- Born: Grace Olusola Omitowo
- Occupation: Pathologist
- Awards: Fellow of the African Academy of Sciences (2019); Fellow of the Nigerian Academy of Science (2020);

Academic background
- Alma mater: University of Ife; University of Ibadan;

Academic work
- Discipline: Pharmacology
- Sub-discipline: Antimalarial medication
- Institutions: University of Ibadan

= Grace Gbotosho =

Nigerian pharmacologist

Grace Olusola Gbotosho (née Omitowo) is a Nigerian pharmacologist who specialises in the pharmacodynamics and pharmacokinetics of antimalarial medication. She is a senior lecturer at the University of Ibadan College of Medicine's Department of Pharmacology and Therapeutics.

==Biography==
Grace Olusola Gbotosho (née Omitowo), was educated at the University of Ife (where she got a bachelor's degree in pharmacology with honours in 1985) and University of Ibadan (where she got a MSc in Pharmacology in 1991 and a PhD in Pharmacology and Therapeutics in 2000) and at the UCL School of Pharmacy. In April 1995, she joined the University of Ibadan academic staff as a lecturer, before being promoted to senior lecturer in October 1999. She currently works at the University's Department of Pharmacology and Therapeutics.

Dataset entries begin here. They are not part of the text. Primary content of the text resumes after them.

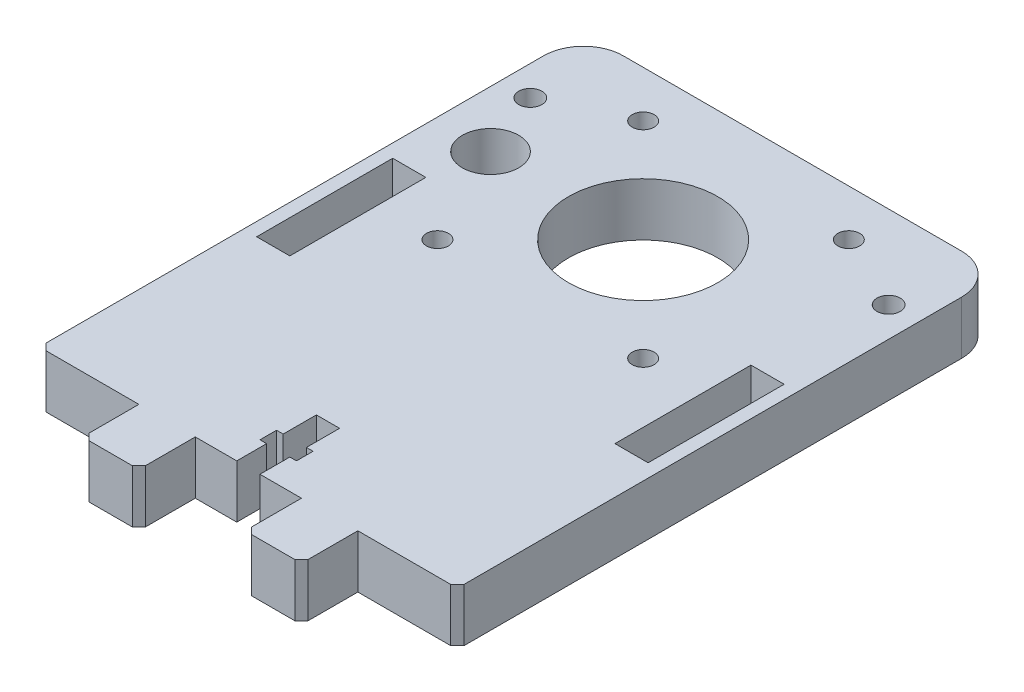
from build123d import *

# Parameters (mm, degrees)
SKETCH1_R      = 4.25
SKETCH1_R_2    = 1.65
SKETCH1_R_3    = 11.25
SKETCH1_W      = 5
SKETCH1_H      = 20.5
EXTRUDE1_DEPTH = 8
SKETCH2_R      = 1
EXTRUDE2_DEPTH = 1
SKETCH3_R      = 1.75
EXTRUDE3_DEPTH = 10


with BuildPart() as part:
    # Sketch1 → Extrude1 (new body)
    with BuildSketch(Plane(origin=(0, 0, 0), x_dir=(1, 0, 0), z_dir=(0, 1, 0))):
        with BuildLine():
            Line((4.894189333, 14.494689664), (4.894189333, 89.494689664))
            ThreePointArc((4.894189333, 89.494689664), (6.651548646, 93.737330351), (10.894189333, 95.494689664))
            Line((10.894189333, 95.494689664), (61.894189333, 95.494689664))
            ThreePointArc((61.894189333, 95.494689664), (66.136830021, 93.737330351), (67.894189333, 89.494689664))
            Line((67.894189333, 89.494689664), (67.894189333, 14.494689664))
            Line((67.894189333, 14.494689664), (66.894189333, 13.494689664))
            Line((66.894189333, 13.494689664), (52.894189333, 13.494689664))
            Line((52.894189333, 13.494689664), (52.894189333, 5.994689664))
            Line((52.894189333, 5.994689664), (51.894189333, 4.994689664))
            Line((51.894189333, 4.994689664), (45.394189333, 4.994689664))
            Line((45.394189333, 4.994689664), (44.394189333, 5.994689664))
            Line((44.394189333, 5.994689664), (44.394189333, 13.494689664))
            Line((44.394189333, 13.494689664), (38.144189333, 13.494689664))
            Line((38.144189333, 13.494689664), (38.144189333, 17.994689664))
            Line((38.144189333, 17.994689664), (39.144189333, 17.994689664))
            Line((39.144189333, 17.994689664), (39.144189333, 20.494689664))
            Line((39.144189333, 20.494689664), (38.144189333, 20.494689664))
            Line((38.144189333, 20.494689664), (38.144189333, 25.494689664))
            Line((38.144189333, 25.494689664), (34.644189333, 25.494689664))
            Line((34.644189333, 25.494689664), (34.644189333, 20.494689664))
            Line((34.644189333, 20.494689664), (33.644189333, 20.494689664))
            Line((33.644189333, 20.494689664), (33.644189333, 17.994689664))
            Line((33.644189333, 17.994689664), (34.644189333, 17.994689664))
            Line((34.644189333, 17.994689664), (34.644189333, 13.494689664))
            Line((34.644189333, 13.494689664), (28.394189333, 13.494689664))
            Line((28.394189333, 13.494689664), (28.394189333, 5.994689664))
            Line((28.394189333, 5.994689664), (27.394189333, 4.994689664))
            Line((27.394189333, 4.994689664), (20.894189333, 4.994689664))
            Line((20.894189333, 4.994689664), (19.894189333, 5.994689664))
            Line((19.894189333, 5.994689664), (19.894189333, 13.494689664))
            Line((19.894189333, 13.494689664), (5.894189333, 13.494689664))
            Line((5.894189333, 13.494689664), (4.894189333, 14.494689664))
        make_face()
        with Locations(Location((13.394189333, 72.994689664, 0), (0, 0, 270))):
            Circle(SKETCH1_R, mode=Mode.SUBTRACT)
        with Locations(Location((51.894189333, 88.494689664, 0), (0, 0, 270))):
            Circle(SKETCH1_R_2, mode=Mode.SUBTRACT)
        with Locations(Location((20.894189333, 88.494689664, 0), (0, 0, 270))):
            Circle(SKETCH1_R_2, mode=Mode.SUBTRACT)
        with Locations(Location((51.894189333, 57.494689664, 0), (0, 0, 270))):
            Circle(SKETCH1_R_2, mode=Mode.SUBTRACT)
        with Locations(Location((20.894189333, 57.494689664, 0), (0, 0, 270))):
            Circle(SKETCH1_R_2, mode=Mode.SUBTRACT)
        with Locations(Location((36.394189333, 72.994689664, 0), (0, 0, 270))):
            Circle(SKETCH1_R_3, mode=Mode.SUBTRACT)
        with Locations((9.394189333, 54.494689664)):
            Rectangle(SKETCH1_W, SKETCH1_H, mode=Mode.SUBTRACT)
        with Locations((63.394189333, 54.494689664)):
            Rectangle(SKETCH1_W, SKETCH1_H, mode=Mode.SUBTRACT)
    extrude(amount=EXTRUDE1_DEPTH)

    # Sketch2 → Extrude2 (cut)
    with BuildSketch(Plane.XY.offset(-25.494689664)):
        with Locations((36.394189333, 4)):
            Circle(SKETCH2_R)
    extrude(amount=-EXTRUDE2_DEPTH, mode=Mode.SUBTRACT)

    # Sketch3 → Extrude3 (cut)
    with BuildSketch(Plane(origin=(0, 8, 0), x_dir=(1, 0, 0), z_dir=(0, 1, 0))):
        with Locations(Location((9.394189333, 82.994689664, 0), (0, 0, 270))):
            Circle(SKETCH3_R)
        with Locations(Location((63.394189333, 82.994689664, 0), (0, 0, 270))):
            Circle(SKETCH3_R)
    extrude(amount=-EXTRUDE3_DEPTH, mode=Mode.SUBTRACT)


solid = part.part
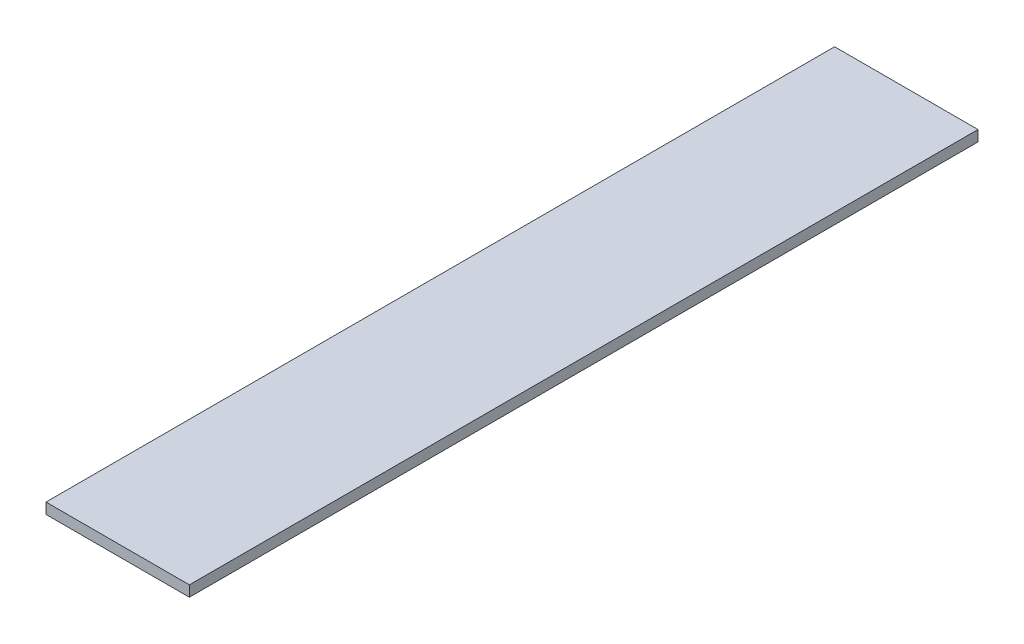
from build123d import *

# Parameters (mm, degrees)
PACK_ORTA_RAY_YARIKLI_1_START = -570
SKETCH1_W                     = 40
SKETCH1_H                     = 3
PACK_ORTA_RAY_YARIKLI_1_DEPTH = 220


with BuildPart() as part:
    # Sketch1 → PACK_orta_ray_yarikli_1 (new body)
    with BuildSketch(Plane.XY.offset(PACK_ORTA_RAY_YARIKLI_1_START)):
        with Locations((350, 598.5)):
            Rectangle(SKETCH1_W, SKETCH1_H)
    extrude(amount=-PACK_ORTA_RAY_YARIKLI_1_DEPTH)


solid = part.part

As a researcher, she specialises in the pharmacodynamics and pharmacokinetics of antimalarial medication. She is an editorial board member at the African Journal of Biomedical Sciences, African Journal of Medicine and Medical Sciences, and Journal of Public Health and Epidemiology. She is a member of the Pharmaceutical Society of Nigeria and the American Society of Tropical Medicine and Hygiene. She has had several temporary advisor appointments with the World Health Organization.

In February 2023, during a lecture at the University of Ibadan, Gbotosho warned that the therapeutic efficacy of artemisinin-based combination therapies was deteriorating in children infected with malaria, especially artemether/lumefantrine, and voiced support for improvements to antimalarial treatment, particularly the creation of an "African Malaria School" and the removal of chloroquine from antimalarial drug rotation.

She was elected as a Fellow of the African Academy of Sciences in 2019 and as a Fellow of the Nigerian Academy of Science in 2020.